Thursday 8 November 2007

Modelling Objects, Modelling Processes (1)

Modelling with capital M: that is what I am thinking here.

UML centres on objects (consider the class models, which are a lynch pin of this whole modelling framework). What are differences between objects and processes?

Not processes in any difficult sense: we need to think of them since they are the entities who converse. We are trying to describe conversations, so we naturally need to have the ontology of conversants --- if ever we want our modelling framework to be wholesome. It may also be better to be clear that I am not talking about "business processes" here even though it is closely related. I am talking about processes as a central concept in modelling: that is my discussions are purely from the viewpoint of modelling concerns. We need to position it as a fundamental notion for abstraction and modelling.

As Robin Milner observed in his recent short note, modelling is about explanation. So a process explains --- some behaviour, some structure. What is a process, what does it explain, how does it differ from an object?

It's better to start from a process. A process is an entity which interacts. Here "interaction" means it exchanges messages: it sends messages and receives messages. That is what a process does. And perhaps we want it to have its own state. So here is a simple definition:
MAXIM 1: A process is an entity with interactional behaviour and its own internal state.
The use of the term "interacitonal" may not be common, we can call it "interacting", I did not use the term "interactive" since this term may sound as if it is about human interaction. No, a process will usually interact with another process.

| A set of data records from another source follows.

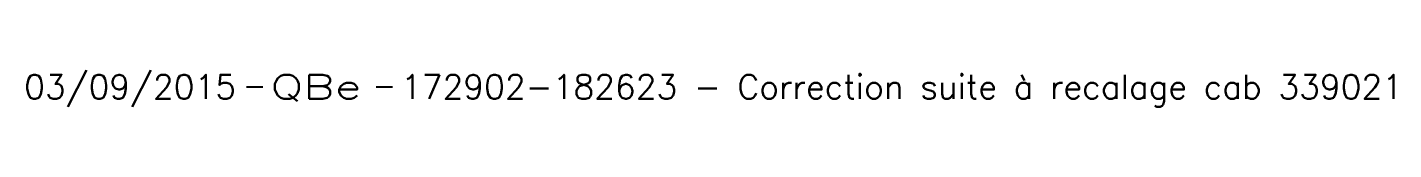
# Model space of a CAD drawing. Header units: millimetres. Extents: x 185011 to 185897, y 128253 to 129000.
# Drawn here: x 185011.39 to 185053.69, y 128264.33 to 128265.47 of the extents above; entities that cross this region are included whole.
import ezdxf
from ezdxf.enums import TextEntityAlignment as Align

# ---------------------------------------------------------------- set-up
doc = ezdxf.new("R2010")
doc.units = ezdxf.units.MM
doc.layers.get('0').update_dxf_attribs({"linetype": 'CONTINUOUS'})
doc.layers.add('E_910', color=7, linetype='CONTINUOUS', plot=False)
doc.styles.get("Standard").update_dxf_attribs({"font": 'romans.shx', "width": 0.85})

# ---------------------------------------------------------------- blocks, each defined once
blk = doc.blocks.new('GIS_MODF')
at = {"color": 0, "linetype": 'Continuous', "flags": 128}
for points in [[(-2.257, -0.012), (-1.757, -0.012)], [(1.758, -0.012), (2.258, -0.012)]]:
    blk.add_lwpolyline(points, dxfattribs=at)
at = {"color": 0, "linetype": 'Continuous'}
blk.add_attdef('DATE', text='', height=0.75, dxfattribs=at).set_placement((-2.583, -0.387), align=Align.RIGHT)
at = {"color": 0, "linetype": 'Continuous', "width": 3.590909}
blk.add_attdef('USER', text='', height=0.75, dxfattribs=at).set_placement((-1.516, -0.387), (1.306, -0.387), align=Align.FIT)
at = {"color": 0, "linetype": 'Continuous'}
blk.add_attdef('DESC', (2.528, -0.387), '', height=0.75, dxfattribs=at)

msp = doc.modelspace()

# ---------------------------------------------------------------- block references
at = {"layer": 'E_910'}
ref = msp.add_blockref('GIS_MODF', (185020.434, 128264.962), dxfattribs=at)
ref.add_attrib('DATE', '03/09/2015', dxfattribs={"layer": '0', "color": 0, "linetype": 'Continuous', "height": 0.75}).set_placement((185017.851, 128264.576), align=Align.RIGHT)
ref.add_attrib('USER', 'QBe', dxfattribs={"layer": '0', "color": 0, "linetype": 'Continuous', "height": 0.75, "width": 1.362069}).set_placement((185018.918, 128264.576), (185021.739, 128264.576), align=Align.FIT)
ref.add_attrib('DESC', '172902-182623 - Correction suite à recalage cab 339021', (185022.961, 128264.576), dxfattribs={"layer": '0', "color": 0, "linetype": 'Continuous', "height": 0.75})

doc.saveas('drawing.dxf')
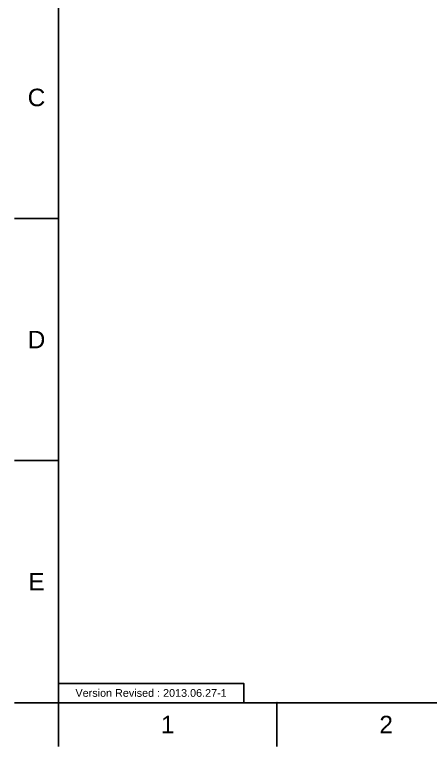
# Model space of a CAD drawing. Header units: millimetres. Extents: x 4305 to 4899, y 584 to 1004.
# Drawn here: x 4304.9 to 4439.4, y 584.2 to 821 of the extents above; entities that cross this region are included whole.
import ezdxf

# ---------------------------------------------------------------- set-up
doc = ezdxf.new("R2010")
doc.units = ezdxf.units.MM
doc.header["$LTSCALE"] = 0.1
doc.layers.add('FORM', color=7, linetype='Continuous')
doc.layers.add('TEXT', color=2, linetype='Continuous')
doc.styles.get("Standard").update_dxf_attribs({"font": 'arial_0.ttf'})

msp = doc.modelspace()

# ---------------------------------------------------------------- linework, layer by layer
for p, q in [((4319.08, 990.03), (4319.08, 598.31)), ((4319.08, 755), (4304.94, 755)), ((4319.08, 676.66), (4304.94, 676.66)), ((4319.08, 598.31), (4304.94, 598.31)), ((4319.08, 598.31), (4884.74, 598.31)), ((4319.08, 598.31), (4319.08, 584.17)), ((4389.79, 598.31), (4389.79, 584.17))]:
    msp.add_line(p, q)
msp.add_point((4389.79, 598.31))
at = {"layer": 'FORM'}
msp.add_lwpolyline([(4319.08, 598.31), (4379.08, 598.31), (4379.08, 604.56), (4319.08, 604.56)], close=True, dxfattribs=at)

# ---------------------------------------------------------------- texts
at = {"char_height": 5.66, "attachment_point": 5}
for s, width, insert in [('C', 10, (4312.01, 794.17)), ('D', 10, (4312.01, 715.83)), ('E', 10, (4312.01, 637.48)), ('1', 50, (4354.43, 591.24)), ('2', 50, (4425.14, 591.24))]:
    msp.add_mtext_dynamic_manual_height_columns(s, width=width, gutter_width=12.5, heights=[0], dxfattribs=dict(at, insert=insert))
at = {"layer": 'TEXT', "insert": (4349.08, 601.44), "char_height": 2.5, "attachment_point": 5}
msp.add_mtext_dynamic_manual_height_columns('Version Revised : 2013.06.27-1', width=60, gutter_width=12.5, heights=[0], dxfattribs=at)

doc.saveas('drawing.dxf')

But this looks like quite like an object: what is a difference? An object has:
  1. attributes
  2. methods
And this second item carries an object's behaviour, doesn't it? Here we come to the first key difference between processes and objects:
An object may interact by method invocation and return; processes may interact with the outside in more varied ways --- it will have a series of interactions part of which can even be done in parallel but whose interactions as a whole form a meaningful structure.
In other words processes are engaged in a conversation: and patterns of conversations include, as a very special case, a method invocation and its return (including an exception return). That is
MAXIM 2: the behaviour of objects as we know of is a special case of that of processes: that is, an object is a special case of a process.
Note here I am exclusively taking the modelling viewpoint: of course a process may be implemented using objects, but that does not concern us in the present inquiry. Here we are trying to find steps towards an abstract entity which can be a basis of modelling the kind of software which predominantly consists of mutually and concurrently interacting software --- and perhaps the development of such a kind of software may become a lynch pin of software structuring methodologies in near future.

The modelling viewpoint demands us to stipulate --- make it exist --- the minimum essential structure of an abstract entity we are now struggling to build. Incidentally Maxim 2 offers us a hint: if so we need the same thing as an object in a process. How should it be named? Can it be something readable from the outside just as an attribute of an object? Or should it be strictly local to that process? But let's be conservative, we can change it later, this is anyway an experiment, we use the same term as an object:
MAXIM 3: a process has its attributes whose content defines the current state of a process.
Now this is a decision: and a necessary decision for that matter. And we have two more things to think given Maxim 3, answering (or trying to answer, let's be honest) the following two questions:
  1. Can a process get engaged in two or more conversations at the same time?
  2. How about messages? Perhaps messages consist of objects? Then don't you need objects before processes?
I will discuss these points tomorrow: for the time being I just give yes-no answers (which are not answers we are seeking but gives us a starting point at least): for 1 the answer is yes, and of course this necessitates us to think about shared mutual data. This is the concern treated in a corner of UML (so-called "active objects": on which there are a lot to discuss) but will become a basic concern from now on. Exploring this topic may need some time. For 2, again (and perhaps surprisingly) the answer is yes: we assume the existence of objects as our prerequisite. In fact conversations need messages and messages should be defined from some components. Well we could have started this discussion from messages as our expert colleagues are doing now in UNIFI.

But that will also be a topic we shall treat later. For now we finish this initial part of an exploration.